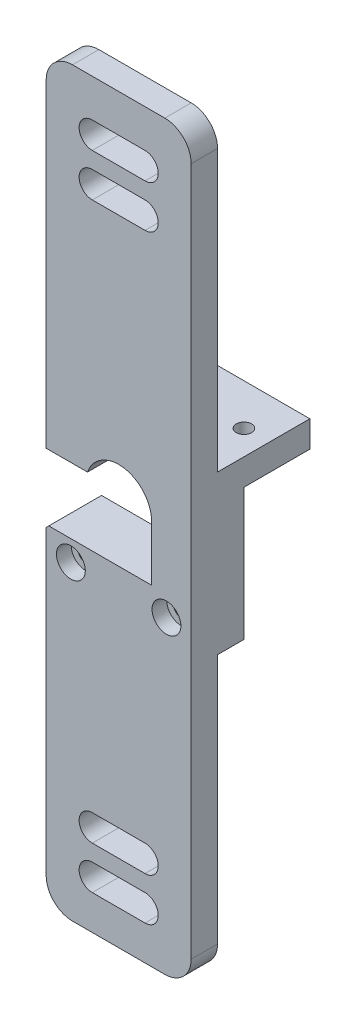
SolidWorks part; units mm, degrees
material "ABS"
ref_plane "Front Plane" through (0, 0, 0) normal (0, 0, 1) x (1, 0, 0)
ref_plane "Top Plane" through (0, 0, 0) normal (0, 1, 0) x (1, 0, 0)
ref_plane "Right Plane" through (0, 0, 0) normal (1, 0, 0) x (0, 0, -1)
ref_plane "Plane1" through (0, 0, 33.655) normal (0, 0, 1) x (1, 0, 0)
sketch "Sketch1" plane through (0, 0, 33.655) normal (0, 0, 1) x (1, 0, 0)
  line L0 (-13.97, 9.8105) -> (-13.462, 9.8105)
  line L1 (-13.462, 9.8105) -> (-13.462, 10.3185)
  line L2 (-13.462, 10.3185) -> (-13.97, 9.8105)
extrude "Boss-Extrude1" add sketch "Sketch1" against normal blind 5.08
sketch "Sketch2" plane through (-13.462, 0, 0) normal (1, 0, 0) x (0, 0, -1)
  line L0 (-33.655, 10.3185) -> (-28.575, 10.3185)
  line L1 (-28.575, 10.3185) -> (-28.575, 9.8105)
  line L2 (-28.575, 9.8105) -> (-33.655, 9.8105)
  line L3 (-33.655, 9.8105) -> (-33.655, 10.3185)
extrude "Boss-Extrude2" add sketch "Sketch2" along normal blind 17.907
sketch "Sketch3" plane through (4.445, 0, 0) normal (1, 0, 0) x (0, 0, -1)
  line L0 (-28.575, 9.8105) -> (-33.655, 9.8105)
  line L1 (-33.655, 9.8105) -> (-33.655, 10.3185)
  line L2 (-33.655, 10.3185) -> (-29.083, 10.3185)
  line L3 (-29.083, 10.3185) -> (-28.575, 10.8265)
  line L4 (-28.575, 10.8265) -> (-28.575, 9.8105)
extrude "Boss-Extrude3" add sketch "Sketch3" along normal blind 1.905
sketch "Sketch4" plane through (0, 0, 28.575) normal (0, 0, -1) x (-1, 0, 0)
  line L0 (-6.35, 9.8105) -> (-6.35, 27.303)
  line L1 (-6.35, 27.303) -> (3.937, 27.303)
  line L2 (3.937, 27.303) -> (3.937, 23.0185)
  line L3 (-3.937, 23.0185) -> (-4.445, 23.0185)
  line L4 (-4.445, 23.0185) -> (-4.445, 10.3185)
  line L5 (-4.445, 10.3185) -> (13.462, 10.3185)
  line L6 (13.462, 10.3185) -> (13.97, 9.8105)
  line L7 (13.97, 9.8105) -> (-6.35, 9.8105)
  arc A0 (3.937, 23.0185) -> (-3.937, 23.0185) centre (0, 20.955) ccw
extrude "Boss-Extrude4" add sketch "Sketch4" along normal blind 17.78
sketch "Sketch5" plane through (0, 9.8105, 0) normal (0, -1, 0) x (1, 0, 0)
  line L0 (6.35, 10.795) -> (-13.97, 10.795)
  line L1 (-13.97, 10.795) -> (-13.97, 33.655)
  line L2 (-13.97, 33.655) -> (6.35, 33.655)
  line L3 (6.35, 33.655) -> (6.35, 10.795)
extrude "Boss-Extrude5" add sketch "Sketch5" along normal blind 63.1505
sketch "Sketch6" plane through (-3.937, 0, 0) normal (-1, 0, 0) x (0, 0, 1)
  line L0 (28.575, 23.0185) -> (10.795, 23.0185)
  line L1 (10.795, 23.0185) -> (10.795, 27.303)
  line L2 (10.795, 27.303) -> (28.575, 27.303)
  line L3 (28.575, 27.303) -> (28.575, 23.0185)
extrude "Boss-Extrude6" add sketch "Sketch6" along normal blind 10.033
sketch "Sketch7" plane through (0, 0, 28.575) normal (0, 0, 1) x (1, 0, 0)
  line L0 (0.1584, 27.303) -> (6.35, 27.303)
  line L1 (6.35, 27.303) -> (6.35, 20.955)
  arc A0 (6.35, 20.955) -> (0.1584, 27.303) centre (0, 20.955) ccw
extrude "Boss-Extrude7" add sketch "Sketch7" along normal blind 5.08
sketch "Sketch8" plane through (6.35, 0, 0) normal (1, 0, 0) x (0, 0, -1)
  line L0 (-10.795, 27.303) -> (-10.795, -53.34)
  line L1 (-10.795, -53.34) -> (-33.655, -53.34)
  line L2 (-33.655, -53.34) -> (-33.655, 27.303)
  line L3 (-33.655, 27.303) -> (-10.795, 27.303)
extrude "Boss-Extrude8" add sketch "Sketch8" along normal blind 7.62
sketch "Sketch9" plane through (0, 0, 10.795) normal (0, 0, -1) x (-1, 0, 0)
  line L0 (13.97, 25.4) -> (4.445, 25.4)
  line L1 (4.445, 25.4) -> (4.445, 23.5265)
  line L2 (4.445, 23.5265) -> (3.937, 23.0185)
  line L3 (3.937, 23.0185) -> (13.97, 23.0185)
  line L4 (13.97, 23.0185) -> (13.97, 25.4)
extrude "Cut-Extrude1" cut sketch "Sketch9" against normal blind 12.7
sketch "Sketch10" plane through (0, 0, 10.795) normal (0, 0, -1) x (-1, 0, 0)
  line L0 (-4.445, 10.3185) -> (-4.445, 23.0185)
  line L1 (-4.445, 23.0185) -> (-13.97, 23.0185)
  line L2 (-13.97, 23.0185) -> (-13.97, -53.34)
  line L3 (-13.97, -53.34) -> (13.97, -53.34)
  line L4 (13.97, -53.34) -> (13.97, 9.8105)
  line L5 (13.97, 9.8105) -> (13.462, 10.3185)
  line L6 (13.462, 10.3185) -> (-4.445, 10.3185)
extrude "Cut-Extrude2" cut sketch "Sketch10" against normal blind 12.7
sketch "Sketch11" plane through (0, 0, 28.575) normal (0, 0, 1) x (1, 0, 0)
  line L0 (-6.0054, 23.0185) -> (-13.97, 23.0185)
  line L1 (-13.97, 23.0185) -> (-13.97, 27.303)
  line L2 (-13.97, 27.303) -> (-0.1584, 27.303)
  arc A0 (-0.1584, 27.303) -> (-6.0054, 23.0185) centre (0, 20.955) ccw
extrude "Boss-Extrude9" add sketch "Sketch11" along normal blind 5.08
sketch "Sketch12" plane through (0, 27.303, 0) normal (0, 1, 0) x (-1, 0, 0)
  line L0 (-13.97, 33.655) -> (13.97, 33.655)
  line L1 (13.97, 33.655) -> (13.97, 10.795)
  line L2 (13.97, 10.795) -> (-13.97, 10.795)
  line L3 (-13.97, 10.795) -> (-13.97, 33.655)
extrude "Boss-Extrude10" add sketch "Sketch12" along normal blind 62.232
sketch "Sketch13" plane through (0, 23.0185, 0) normal (0, -1, 0) x (1, 0, 0)
  line L0 (13.97, 10.795) -> (13.97, 23.495)
  line L1 (13.97, 23.495) -> (4.445, 23.495)
  line L2 (4.445, 23.495) -> (4.445, 10.795)
  line L3 (4.445, 10.795) -> (13.97, 10.795)
extrude "Cut-Extrude3" cut sketch "Sketch13" against normal blind 2.3815
sketch "Sketch14" plane through (13.97, 0, 0) normal (1, 0, 0) x (0, 0, -1)
  line L0 (-28.575, 30.48) -> (-10.795, 30.48)
  line L1 (-10.795, 30.48) -> (-10.795, 89.535)
  line L2 (-10.795, 89.535) -> (-28.575, 89.535)
  line L3 (-28.575, 89.535) -> (-28.575, 30.48)
extrude "Cut-Extrude4" cut sketch "Sketch14" against normal through all
sketch "Sketch15" plane through (13.97, 0, 0) normal (1, 0, 0) x (0, 0, -1)
  line L0 (-23.495, 0) -> (-28.575, 0)
  line L1 (-28.575, 0) -> (-28.575, -53.34)
  line L2 (-28.575, -53.34) -> (-23.495, -53.34)
  line L3 (-23.495, -53.34) -> (-23.495, 0)
extrude "Cut-Extrude5" cut sketch "Sketch15" against normal through all
sketch "Sketch16" plane through (0, 0, 28.575) normal (0, 0, -1) x (-1, 0, 0)
  line L0 (5.08, -41.5925) -> (-5.08, -41.5925)
  line L1 (-5.08, -46.6725) -> (5.08, -46.6725)
  arc A0 (5.08, -46.6725) -> (5.08, -41.5925) centre (5.08, -44.1325) ccw
  arc A1 (-5.08, -41.5925) -> (-5.08, -46.6725) centre (-5.08, -44.1325) ccw
extrude "Cut-Extrude6" cut sketch "Sketch16" against normal through all
sketch "Sketch17" plane through (0, 0, 33.655) normal (0, 0, 1) x (1, 0, 0)
  line L0 (-5.08, -38.4175) -> (5.08, -38.4175)
  line L1 (5.08, -33.3375) -> (-5.08, -33.3375)
  arc A0 (5.08, -38.4175) -> (5.08, -33.3375) centre (5.08, -35.8775) ccw
  arc A1 (-5.08, -33.3375) -> (-5.08, -38.4175) centre (-5.08, -35.8775) ccw
extrude "Cut-Extrude7" cut sketch "Sketch17" against normal through all
sketch "Sketch18" plane through (0, 0, 28.575) normal (0, 0, -1) x (-1, 0, 0)
  line L0 (5.08, 73.9775) -> (-5.08, 73.9775)
  line L1 (-5.08, 68.8975) -> (5.08, 68.8975)
  arc A0 (5.08, 68.8975) -> (5.08, 73.9775) centre (5.08, 71.4375) ccw
  arc A1 (-5.08, 73.9775) -> (-5.08, 68.8975) centre (-5.08, 71.4375) ccw
extrude "Cut-Extrude8" cut sketch "Sketch18" against normal through all
sketch "Sketch19" plane through (0, 0, 28.575) normal (0, 0, -1) x (-1, 0, 0)
  line L0 (5.08, 82.2325) -> (-5.08, 82.2325)
  line L1 (-5.08, 77.1525) -> (5.08, 77.1525)
  arc A0 (5.08, 77.1525) -> (5.08, 82.2325) centre (5.08, 79.6925) ccw
  arc A1 (-5.08, 82.2325) -> (-5.08, 77.1525) centre (-5.08, 79.6925) ccw
extrude "Cut-Extrude9" cut sketch "Sketch19" against normal through all
hole_wizard "CBORE for M2.5 Hex Head Machine Screw1" positions "Sketch21" profile "Sketch20" counterbore size "M2.5" standard "ANSI Metric"
sketch "Sketch21" plane through (0, 0, 33.655) normal (0, 0, 1) x (1, 0, 0)
  point P0 (9.2075, 6.35)
  point P1 (-9.2075, 6.35)
sketch "Sketch20" plane through (9.2075, 6.35, 33.655) normal (1, 0, 0) x (0, -1, 0)
  line L0 (0, 0) -> (0, 22.86)
  line L1 (0, 22.86) -> (1.4732, 22.86)
  line L3 (1.4732, 22.86) -> (1.4732, 2.8448)
  line L4 (1.4732, 2.8448) -> (2.7788, 2.8448)
  line L5 (2.7788, 2.8448) -> (2.7788, 0)
  line L7 (2.7788, 0) -> (0, 0)
  line L11 (0, -6.35) -> (0, 107.95) construction
  dimension "Thru Hole Dia." = 2.9464
  dimension "Thru Hole Depth" = 22.86
  dimension "C'Bore Dia." = 5.5575
  dimension "C'Bore Depth" = 2.8448
hole_wizard "M2.5 Clearance Hole1" positions "Sketch23" profile "Sketch22" hole size "M2.5" standard "ANSI Metric"
sketch "Sketch23" plane through (0, 30.48, 0) normal (0, 1, 0) x (1, 0, 0)
  point P0 (9.2075, -18.7325)
sketch "Sketch22" plane through (9.2075, 30.48, 18.7325) normal (1, 0, 0) x (0, 0, 1)
  line L0 (0, 0) -> (0, 83.82)
  line L1 (0, 83.82) -> (1.4732, 83.82)
  line L2 (1.4732, 83.82) -> (1.4732, 0)
  line L5 (1.4732, 0) -> (0, 0)
  line L11 (0, -6.35) -> (0, 107.95) construction
  dimension "Thru Hole Dia." = 2.9464
  dimension "Thru Hole Depth" = 83.82
hole_wizard "M2.5 Clearance Hole2" positions "Sketch25" profile "Sketch24" hole size "M2.5" standard "ANSI Metric"
sketch "Sketch25" plane through (0, 25.4, 0) normal (0, -1, 0) x (-1, 0, 0)
  point P0 (9.2075, -18.7325)
sketch "Sketch24" plane through (-9.2075, 25.4, 18.7325) normal (1, 0, 0) x (0, 0, -1)
  line L0 (0, 0) -> (0, 64.135)
  line L1 (0, 64.135) -> (1.4732, 64.135)
  line L2 (1.4732, 64.135) -> (1.4732, 0)
  line L5 (1.4732, 0) -> (0, 0)
  line L11 (0, -6.35) -> (0, 107.95) construction
  dimension "Thru Hole Dia." = 2.9464
  dimension "Thru Hole Depth" = 64.135
fillet "Fillet2" radius 2.54 1 edges at (4.445, 10.3185, 26.289) tangent propagation no
chamfer "Chamfer2" distance 0.938 angle 45 2 edges at (4.5458, 25.3888, 28.575) (6.35, 15.8908, 28.575)
fillet "Fillet3" radius 5.08 4 edges at (13.97, -53.34, 31.115) (-13.97, -53.34, 31.115) (13.97, 89.535, 31.115) (-13.97, 89.535, 31.115) tangent propagation no
++++++++++++++++++++
Find the lines above that contain the word "along" and collect them.

extrude "Boss-Extrude2" add sketch "Sketch2" along normal blind 17.907
extrude "Boss-Extrude3" add sketch "Sketch3" along normal blind 1.905
extrude "Boss-Extrude4" add sketch "Sketch4" along normal blind 17.78
extrude "Boss-Extrude5" add sketch "Sketch5" along normal blind 63.1505
extrude "Boss-Extrude6" add sketch "Sketch6" along normal blind 10.033
extrude "Boss-Extrude7" add sketch "Sketch7" along normal blind 5.08
extrude "Boss-Extrude8" add sketch "Sketch8" along normal blind 7.62
extrude "Boss-Extrude9" add sketch "Sketch11" along normal blind 5.08
extrude "Boss-Extrude10" add sketch "Sketch12" along normal blind 62.232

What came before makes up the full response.